EXERCISE DIRECTIONS:
In the entries, find all lines that hold the word "CityJSON" and copy them.

(Records contained in a dataset)
· · ·

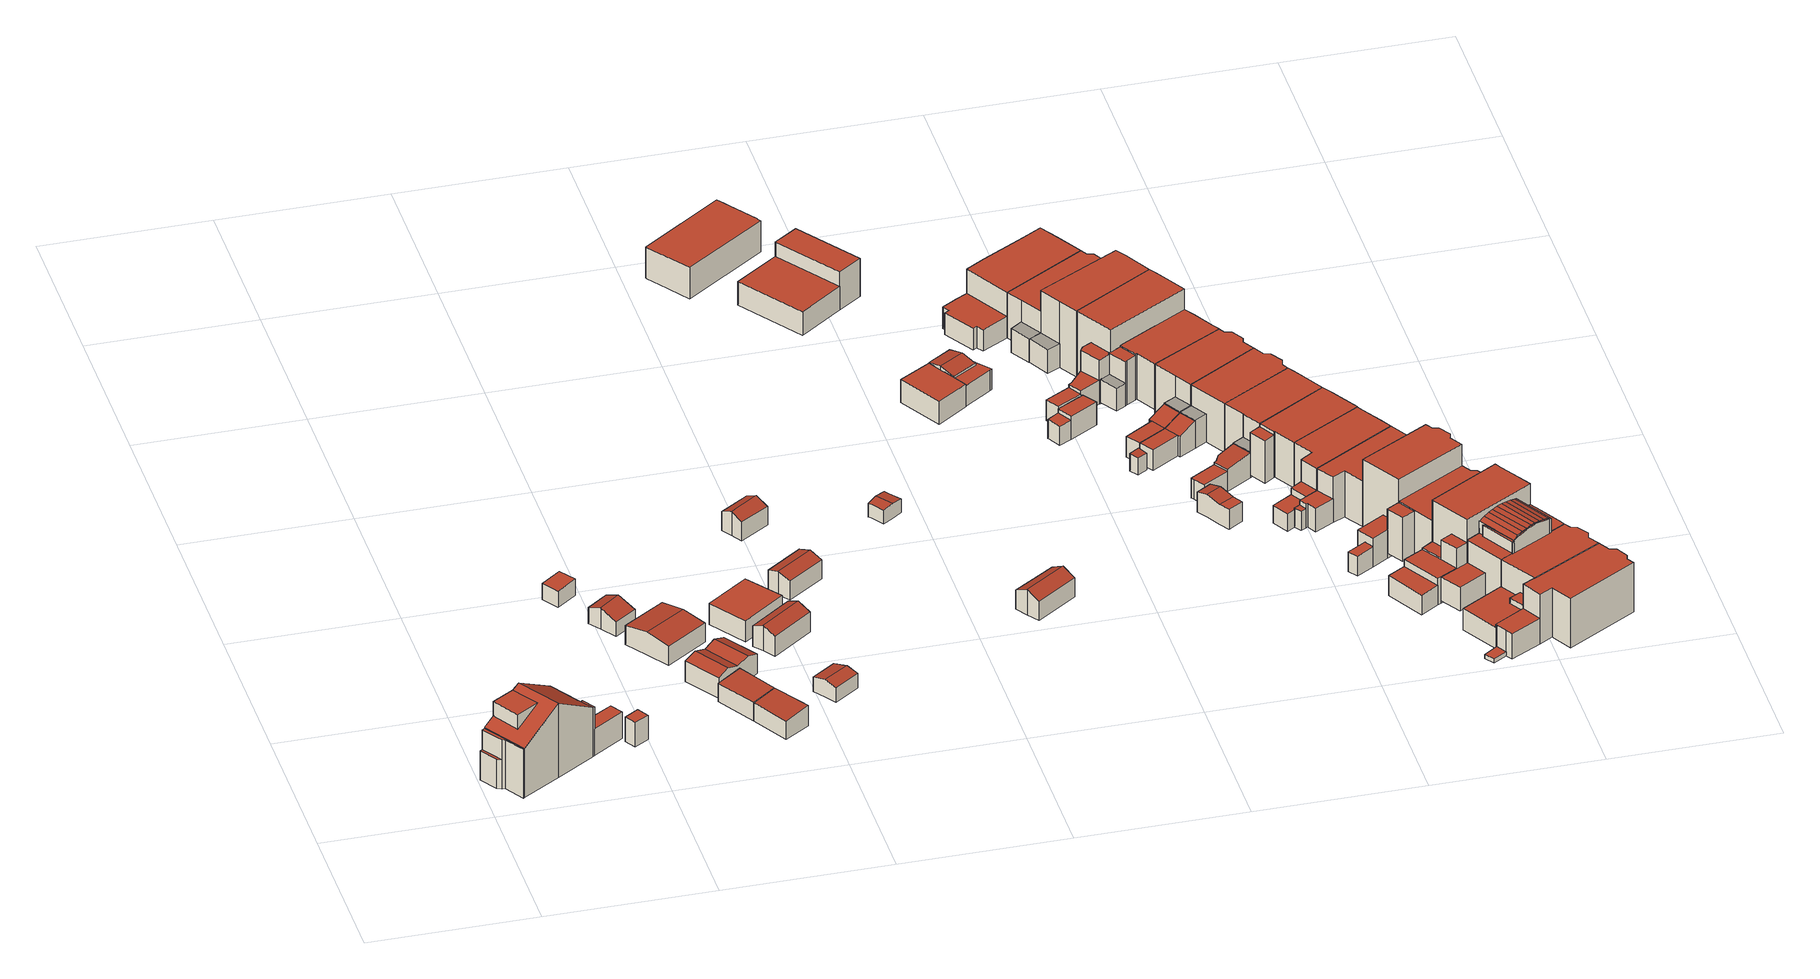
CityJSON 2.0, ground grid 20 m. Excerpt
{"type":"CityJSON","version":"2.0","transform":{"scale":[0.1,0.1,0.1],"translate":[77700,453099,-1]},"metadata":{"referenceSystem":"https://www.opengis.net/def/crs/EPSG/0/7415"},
"CityObjects":{
"building1":{"type":"Building","attributes":{"Volume":568.64,"Dakoppervlakte":82.46,"Muuroppervlakte":308,"Vloeroppervlakte":74.27,"hoogte_Z_max_in_m_NAP":10.02,"GEB_DOEL":"woonfunctie","dateOfConstruction":"1999-01-01","measuredHeight":9.68},"geometry":[{"type":"Solid","lod":"2","boundaries":[[[[0,1,2,3,4,5,6,7,8,9,10,11,12,13,14,15,16,17,18,19]],[[20,21,22,23,24,25,26,27]],[[28,29,30,31,25,24]],[[32,33,34,35,36,37]],[[38,39,40,41]],[[42,43,44,45]],[[46,47,48,49]],[[26,50,51,27]],[[28,24,6,5,46]],[[0,19,30,29,49]],[[30,19,18,31]],[[16,15,14,37,22,21,26,25,31,18,17]],[[7,6,24,23,36]],[[34,33,40,10,9]],[[9,8,35,34]],[[36,35,8,7]],[[14,13,41,32,37]],[[38,41,13,12]],[[40,39,11,10]],[[32,41,40,33]],[[22,37,36,23]],[[1,42,45,2]],[[4,3,44,43]],[[2,45,44,3]],[[1,0,49,48,42]],[[5,4,43,47,46]],[[43,42,48,47]],[[28,46,49,29]],[[21,50,26]],[[51,20,27]],[[50,21,20,51]],[[38,12,11,39]]]],"semantics":{"surfaces":[{"type":"GroundSurface"},{"type":"RoofSurface"},{"type":"WallSurface"}],"values":[[0,1,1,1,1,1,1,1,2,2,2,2,2,2,2,2,2,2,2,2,2,2,2,2,2,2,2,2,2,2,2,2]]}}]},
"building2":{"type":"Building","attributes":{"Volume":10.51,"Dakoppervlakte":3.24,"Muuroppervlakte":23.5,"Vloeroppervlakte":3.24,"hoogte_Z_max_in_m_NAP":3.21,"GEB_DOEL":"onbekend","dateOfConstruction":"1999-01-01","measuredHeight":3.24},"geometry":[{"type":"Solid","lod":"2","boundaries":[[[[52,53,54,55]],[[56,57,58,59]],[[55,57,56,52]],[[55,54,58,57]],[[53,59,58,54]],[[53,52,56,59]]]],"semantics":{"surfaces":[{"type":"GroundSurface"},{"type":"RoofSurface"},{"type":"WallSurface"}],"values":[[0,1,2,2,2,2]]}}]},
"building3":{"type":"Building","attributes":{"Volume":13.82,"Dakoppervlakte":6.55,"Muuroppervlakte":21.75,"Vloeroppervlakte":6.54,"hoogte_Z_max_in_m_NAP":2.43,"GEB_DOEL":"onbekend","dateOfConstruction":"1927-01-01","measuredHeight":2.18},"geometry":[{"type":"Solid","lod":"2","boundaries":[[[[60,61,62,63]],[[64,65,66,67]],[[61,67,66,62]],[[61,60,64,67]],[[63,65,64,60]],[[66,65,63,62]]]],"semantics":{"surfaces":[{"type":"GroundSurface"},{"type":"RoofSurface"},{"type":"WallSurface"}],"values":[[0,1,2,2,2,2]]}}]},
"building4":{"type":"Building","attributes":{"Volume":30.31,"Dakoppervlakte":13.58,"Muuroppervlakte":31.91,"Vloeroppervlakte":12.72,"hoogte_Z_max_in_m_NAP":2.99,"GEB_DOEL":"onbekend","dateOfConstruction":"1927-01-01","measuredHeight":2.76},"geometry":[{"type":"Solid","lod":"2","boundaries":[[[[68,69,70,71,72,73]],[[74,75,76,77]],[[78,76,75,79]],[[68,73,74,77]],[[71,70,78,79]],[[78,70,69,76]],[[79,75,74,73,72,71]],[[69,68,77,76]]]],"semantics":{"surfaces":[{"type":"GroundSurface"},{"type":"RoofSurface"},{"type":"WallSurface"}],"values":[[0,1,1,2,2,2,2,2]]}}]},
"building5":{"type":"Building","attributes":{"Volume":99.76,"Dakoppervlakte":37.63,"Muuroppervlakte":62.45,"Vloeroppervlakte":37.13,"hoogte_Z_max_in_m_NAP":3.09,"GEB_DOEL":"onbekend","dateOfConstruction":"1927-01-01","measuredHeight":2.94},"geometry":[{"type":"Solid","lod":"2","boundaries":[[[[80,81,82,83,84,85]],[[86,87,88,89]],[[90,91,88,87]],[[81,80,91,90]],[[84,83,86,89]],[[82,87,86,83]],[[91,80,85,84,89,88]],[[82,81,90,87]]]],"semantics":{"surfaces":[{"type":"GroundSurface"},{"type":"RoofSurface"},{"type":"WallSurface"}],"values":[[0,1,1,2,2,2,2,2]]}}]},
"building6":{"type":"Building","attributes":{"Volume":46.03,"Dakoppervlakte":17.86,"Muuroppervlakte":44.9,"Vloeroppervlakte":17.76,"hoogte_Z_max_in_m_NAP":2.95,"GEB_DOEL":"onbekend","dateOfConstruction":"1927-01-01","measuredHeight":2.78},"geometry":[{"type":"Solid","lod":"2","boundaries":[[[[92,93,94,95]],[[96,97,98,99]],[[92,95,97,96]],[[98,97,95,94]],[[93,99,98,94]],[[93,92,96,99]]]],"semantics":{"surfaces":[{"type":"GroundSurface"},{"type":"RoofSurface"},{"type":"WallSurface"}],"values":[[0,1,2,2,2,2]]}}]},
"building7":{"type":"Building","attributes":{"Volume":92.66,"Dakoppervlakte":32.78,"Muuroppervlakte":64.32,"Vloeroppervlakte":31.06,"hoogte_Z_max_in_m_NAP":3.44,"GEB_DOEL":"onbekend","dateOfConstruction":"1927-01-01","measuredHeight":3.28},"geometry":[{"type":"Solid","lod":"2","boundaries":[[[[100,101,102,103,104,105,106,107,108,109]],[[110,111,112,113]],[[114,115,116,117]],[[118,119,114,117]],[[110,113,119,118]],[[115,114,119,100,109,108]],[[115,108,107,116]],[[116,107,106,105,104,103,111,110,118,117]],[[111,103,102,112]],[[119,113,112,102,101,100]]]],"semantics":{"surfaces":[{"type":"GroundSurface"},{"type":"RoofSurface"},{"type":"WallSurface"}],"values":[[0,1,1,1,1,2,2,2,2,2]]}}]},
"building8":{"type":"Building","attributes":{"Volume":44.3,"Dakoppervlakte":17.28,"Muuroppervlakte":43.59,"Vloeroppervlakte":17.18,"hoogte_Z_max_in_m_NAP":2.95,"GEB_DOEL":"onbekend","dateOfConstruction":"1927-01-01","measuredHeight":2.77},"geometry":[{"type":"Solid","lod":"2","boundaries":[[[[120,121,92,95,122]],[[97,96,123,124,125]],[[92,96,97,95]],[[92,121,123,96]],[[124,123,121,120]],[[122,125,124,120]],[[122,95,97,125]]]],"semantics":{"surfaces":[{"type":"GroundSurface"},{"type":"RoofSurface"},{"type":"WallSurface"}],"values":[[0,1,2,2,2,2,2]]}}]},
"building9":{"type":"Building","attributes":{"Volume":89.31,"Dakoppervlakte":32.5,"Muuroppervlakte":62.89,"Vloeroppervlakte":32.5,"hoogte_Z_max_in_m_NAP":2.85,"GEB_DOEL":"onbekend","dateOfConstruction":"1927-01-01","measuredHeight":2.75},"geometry":[{"type":"Solid","lod":"2","boundaries":[[[[126,127,128,129,130]],[[131,132,133,134,135]],[[135,134,127,126]],[[126,130,131,135]],[[130,129,132,131]],[[134,133,132,129,128,127]]]],"semantics":{"surfaces":[{"type":"GroundSurface"},{"type":"RoofSurface"},{"type":"WallSurface"}],"values":[[0,1,2,2,2,2]]}}]},
"building10":{"type":"Building","attributes":{"Volume":25.43,"Dakoppervlakte":12.34,"Muuroppervlakte":27.89,"Vloeroppervlakte":11.9,"hoogte_Z_max_in_m_NAP":2.55,"GEB_DOEL":"onbekend","dateOfConstruction":"1927-01-01","measuredHeight":2.37},"geometry":[{"type":"Solid","lod":"2","boundaries":[[[[136,137,138,139,140,141]],[[142,143,144,145]],[[146,144,143,147]],[[139,146,147,140]],[[142,145,137,136]],[[141,143,142,136]],[[146,139,138,137,145,144]],[[141,140,147,143]]]],"semantics":{"surfaces":[{"type":"GroundSurface"},{"type":"RoofSurface"},{"type":"WallSurface"}],"values":[[0,1,1,2,2,2,2,2]]}}]},
"building11":{"type":"Building","attributes":{"Volume":57.89,"Dakoppervlakte":20.88,"Muuroppervlakte":51.79,"Vloeroppervlakte":19.1,"hoogte_Z_max_in_m_NAP":3.45,"GEB_DOEL":"onbekend","dateOfConstruction":"1927-01-01","measuredHeight":3.38},"geometry":[{"type":"Solid","lod":"2","boundaries":[[[[148,149,150,151,152,153]],[[154,155,156,157]],[[158,156,155,159]],[[149,148,154,157]],[[152,151,158,159]],[[156,158,151,150]],[[155,154,148,153,152,159]],[[150,149,157,156]]]],"semantics":{"surfaces":[{"type":"GroundSurface"},{"type":"RoofSurface"},{"type":"WallSurface"}],"values":[[0,1,1,2,2,2,2,2]]}}]},
"building12":{"type":"Building","attributes":{"Volume":47.64,"Dakoppervlakte":18.09,"Muuroppervlakte":44.86,"Vloeroppervlakte":16.81,"hoogte_Z_max_in_m_NAP":3.14,"GEB_DOEL":"onbekend","dateOfConstruction":"1927-01-01","measuredHeight":3.15},"geometry":[{"type":"Solid","lod":"2","boundaries":[[[[160,161,162,163,164,165]],[[166,167,168,169]],[[170,171,168,167]],[[162,161,166,169]],[[165,164,171,170]],[[168,171,164,163]],[[166,161,160,165,170,167]],[[163,162,169,168]]]],"semantics":{"surfaces":[{"type":"GroundSurface"},{"type":"RoofSurface"},{"type":"WallSurface"}],"values":[[0,1,1,2,2,2,2,2]]}}]},
"building13":{"type":"Building","attributes":{"Volume":35.77,"Dakoppervlakte":13.89,"Muuroppervlakte":37.95,"Vloeroppervlakte":12.49,"hoogte_Z_max_in_m_NAP":3.3,"GEB_DOEL":"onbekend","dateOfConstruction":"1927-01-01","measuredHeight":3.23},"geometry":[{"type":"Solid","lod":"2","boundaries":[[[[172,173,174,175,176,177]],[[178,179,180,181]],[[182,180,179,183]],[[173,172,182,183]],[[175,178,181,176]],[[174,179,178,175]],[[180,182,172,177,176,181]],[[174,173,183,179]]]],"semantics":{"surfaces":[{"type":"GroundSurface"},{"type":"RoofSurface"},{"type":"WallSurface"}],"values":[[0,1,1,2,2,2,2,2]]}}]},
"building14":{"type":"Building","attributes":{"Volume":13.25,"Dakoppervlakte":6.83,"Muuroppervlakte":19.99,"Vloeroppervlakte":6.74,"hoogte_Z_max_in_m_NAP":2.14,"GEB_DOEL":"onbekend","dateOfConstruction":"1927-01-01","measuredHeight":2.08},"geometry":[{"type":"Solid","lod":"2","boundaries":[[[[184,185,186,187,188,189,190,191]],[[192,193,194,195,196]],[[196,197,198,199,192]],[[195,194,193,188,187,186]],[[197,184,191,190,199,198]],[[189,192,199,190]],[[195,186,185,184,197,196]],[[189,188,193,192]]]],"semantics":{"surfaces":[{"type":"GroundSurface"},{"type":"RoofSurface"},{"type":"WallSurface"}],"values":[[0,1,1,2,2,2,2,2]]}}]},
"building15":{"type":"Building","attributes":{"Volume":56.39,"Dakoppervlakte":21.85,"Muuroppervlakte":48.41,"Vloeroppervlakte":19.7,"hoogte_Z_max_in_m_NAP":3.39,"GEB_DOEL":"onbekend","dateOfConstruction":"1927-01-01","measuredHeight":3.26},"geometry":[{"type":"Solid","lod":"2","boundaries":[[[[200,201,202,203,204,205]],[[206,207,208,209]],[[210,211,208,207]],[[206,209,201,200]],[[204,203,211,210]],[[202,208,211,203]],[[206,200,205,204,210,207]],[[202,201,209,208]]]],"semantics":{"surfaces":[{"type":"GroundSurface"},{"type":"RoofSurface"},{"type":"WallSurface"}],"values":[[0,1,1,2,2,2,2,2]]}}]},
"building16":{"type":"Building","attributes":{"Volume":310.37,"Dakoppervlakte":75.76,"Muuroppervlakte":150.04,"Vloeroppervlakte":75.76,"hoogte_Z_max_in_m_NAP":5.27,"GEB_DOEL":"onbekend","dateOfConstruction":"1994-01-01","measuredHeight":4.1},"geometry":[{"type":"Solid","lod":"2","boundaries":[[[[212,213,214,215,216,217,218,219,220,221]],[[222,223,224,225,226,227,228,229,230,231]],[[228,216,215,214,230,229]],[[231,213,212,221,223,222]],[[223,221,220,224]],[[217,227,226,225,224,220,219,218]],[[214,213,231,230]],[[217,216,228,227]]]],"semantics":{"surfaces":[{"type":"GroundSurface"},{"type":"RoofSurface"},{"type":"WallSurface"}],"values":[[0,1,2,2,2,2,2,2]]}}]},
"building17":{"type":"Building","attributes":{"Volume":336.84,"Dakoppervlakte":90.08,"Muuroppervlakte":164.54,"Vloeroppervlakte":90.08,"hoogte_Z_max_in_m_NAP":6.39,"GEB_DOEL":"industriefunctie","dateOfConstruction":"1994-01-01","measuredHeight":4.97},"geometry":[{"type":"Solid","lod":"2","boundaries":[[[[232,233,234,235,236,237]],[[238,239,240,241]],[[242,243,244,245]],[[238,241,232,237]],[[237,236,239,238]],[[240,239,236,235]],[[233,242,245,234]],[[243,242,233,232,241]],[[235,234,245,244,240]],[[241,240,244,243]]]],"semantics":{"surfaces":[{"type":"GroundSurface"},{"type":"RoofSurface"},{"type":"WallSurface"}],"values":[[0,1,1,2,2,2,2,2,2,2]]}}]},
"building18":{"type":"Building","attributes":{"Volume":77.51,"Dakoppervlakte":25.71,"Muuroppervlakte":61.85,"Vloeroppervlakte":25.71,"hoogte_Z_max_in_m_NAP":3.38,"GEB_DOEL":"onbekend","dateOfConstruction":"1927-01-01","measuredHeight":3.02},"geometry":[{"type":"Solid","lod":"2","boundaries":[[[[246,247,248,249]],[[250,251,252,253]],[[250,246,249,251]],[[249,248,252,251]],[[248,247,253,252]],[[246,250,253,247]]]],"semantics":{"surfaces":[{"type":"GroundSurface"},{"type":"RoofSurface"},{"type":"WallSurface"}],"values":[[0,1,2,2,2,2]]}}]},
"building19":{"type":"Building","attributes":{"Volume":63.38,"Dakoppervlakte":21.17,"Muuroppervlakte":59.34,"Vloeroppervlakte":20.74,"hoogte_Z_max_in_m_NAP":4.03,"GEB_DOEL":"onbekend","dateOfConstruction":"1927-01-01","measuredHeight":3.51},"geometry":[{"type":"Solid","lod":"2","boundaries":[[[[254,255,256,257,258,259,260,261,262,263,264]],[[265,266,267,268,269,270,271]],[[272,273,274,275,276,277]],[[276,278,279,277]],[[265,255,254,266]],[[267,266,254,264]],[[268,263,262,269]],[[269,262,261,270]],[[272,277,256,255,265]],[[274,270,261,260,275]],[[275,260,259,258,278,276]],[[257,279,278,258]],[[257,256,277,279]],[[265,271,273,272]],[[274,273,271,270]],[[264,263,268,267]]]],"semantics":{"surfaces":[{"type":"GroundSurface"},{"type":"RoofSurface"},{"type":"WallSurface"}],"values":[[0,1,1,1,2,2,2,2,2,2,2,2,2,2,2,2]]}}]},
"building20":{"type":"Building","attributes":{"Volume":31.54,"Dakoppervlakte":11.04,"Muuroppervlakte":43.57,"Vloeroppervlakte":11.04,"hoogte_Z_max_in_m_NAP":3.21,"GEB_DOEL":"onbekend","dateOfConstruction":"1927-01-01","measuredHeight":3.01},"geometry":[{"type":"Solid","lod":"2","boundaries":[[[[280,281,282,283,284,285,286]],[[287,288,289,290]],[[291,292,293,294,295]],[[288,285,284,289]],[[289,284,283,290]],[[288,287,295,286,285]],[[291,283,282,292]],[[294,293,292,282,281,280]],[[286,295,294,280]],[[287,290,283,291,295]]]],"semantics":{"surfaces":[{"type":"GroundSurface"},{"type":"RoofSurface"},{"type":"WallSurface"}],"values":[[0,1,1,2,2,2,2,2,2,2]]}}]},
"building21":{"type":"Building","attributes":{"Volume":3.62,"Dakoppervlakte":1.67,"Muuroppervlakte":11.29,"Vloeroppervlakte":1.65,"hoogte_Z_max_in_m_NAP":2.62,"GEB_DOEL":"onbekend","dateOfConstruction":"1927-01-01","measuredHeight":2.28},"geometry":[{"type":"Solid","lod":"2","boundaries":[[[[296,297,298,299]],[[300,301,302,303]],[[300,296,299,301]],[[299,298,302,301]],[[297,303,302,298]],[[300,303,297,296]]]],"semantics":{"surfaces":[{"type":"GroundSurface"},{"type":"RoofSurface"},{"type":"WallSurface"}],"values":[[0,1,2,2,2,2]]}}]},
"building22":{"type":"Building","attributes":{"Volume":28.25,"Dakoppervlakte":10.58,"Muuroppervlakte":37.49,"Vloeroppervlakte":10.37,"hoogte_Z_max_in_m_NAP":3.41,"GEB_DOEL":"onbekend","dateOfConstruction":"1927-01-01","measuredHeight":3},"geometry":[{"type":"Solid","lod":"2","boundaries":[[[[304,305,306,307,308,309,310,311,312]],[[313,314,315,316,317]],[[318,319,313,317]],[[319,318,320,321]],[[306,305,321,320]],[[319,321,305,304,312,311,314,313]],[[306,320,318,317,316,309,308,307]],[[314,311,310,309,316,315]]]],"semantics":{"surfaces":[{"type":"GroundSurface"},{"type":"RoofSurface"},{"type":"WallSurface"}],"values":[[0,1,1,1,2,2,2,2]]}}]},
"building23":{"type":"Building","attributes":{"Volume":505.38,"Dakoppervlakte":98.71,"Muuroppervlakte":237.15,"Vloeroppervlakte":98.71,"hoogte_Z_max_in_m_NAP":6.96,"GEB_DOEL":"woonfunctie","dateOfConstruction":"1927-01-01","measuredHeight":6},"geometry":[{"type":"Solid","lod":"2","boundaries":[[[[322,323,324,325,326,327,328,329,330,331,332,333,334,335,336,337,338]],[[339,340,341,342,343,344,345]],[[346,347,348,349]],[[350,351,352,353,354,355,356,357,358]],[[326,341,340,355,327]],[[343,338,337,344]],[[336,345,344,337]],[[339,345,336,335,356]],[[324,323,346,349]],[[346,323,322,347]],[[348,347,322,338,343,342,341,326,325]],[[334,357,356,335]],[[333,358,357,334]],[[358,333,332,350]],[[350,332,331,351]],[[351,331,330,352]],[[330,329,353,352]],[[329,328,354,353]],[[354,328,327,355]],[[339,356,355,340]],[[349,348,325,324]]]],"semantics":{"surfaces":[{"type":"GroundSurface"},{"type":"RoofSurface"},{"type":"WallSurface"}],"values":[[0,1,1,1,2,2,2,2,2,2,2,2,2,2,2,2,2,2,2,2,2]]}}]},
"building24":{"type":"Building","attributes":{"Volume":604.13,"Dakoppervlakte":79.13,"Muuroppervlakte":369.86,"Vloeroppervlakte":79.13,"hoogte_Z_max_in_m_NAP":9.7,"GEB_DOEL":"woonfunctie","dateOfConstruction":"1927-01-01","measuredHeight":8.91},"geometry":[{"type":"Solid","lod":"2","boundaries":[[[[359,360,361,362,363,364,365,366,367,368,369,370,371,372,373,374,375,376]],[[377,378,379,380]],[[381,382,383,384,385]],[[386,387,388,389,390,391]],[[392,393,394,395,396,397]],[[398,399,400,401]],[[359,377,380,360]],[[359,376,378,377]],[[376,375,379,378]],[[361,385,384,362]],[[381,385,361,360,380]],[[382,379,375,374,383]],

· · ·

PROBLEM SOLUTION:
CityJSON 2.0, ground grid 20 m. Excerpt
{"type":"CityJSON","version":"2.0","transform":{"scale":[0.1,0.1,0.1],"translate":[77700,453099,-1]},"metadata":{"referenceSystem":"https://www.opengis.net/def/crs/EPSG/0/7415"},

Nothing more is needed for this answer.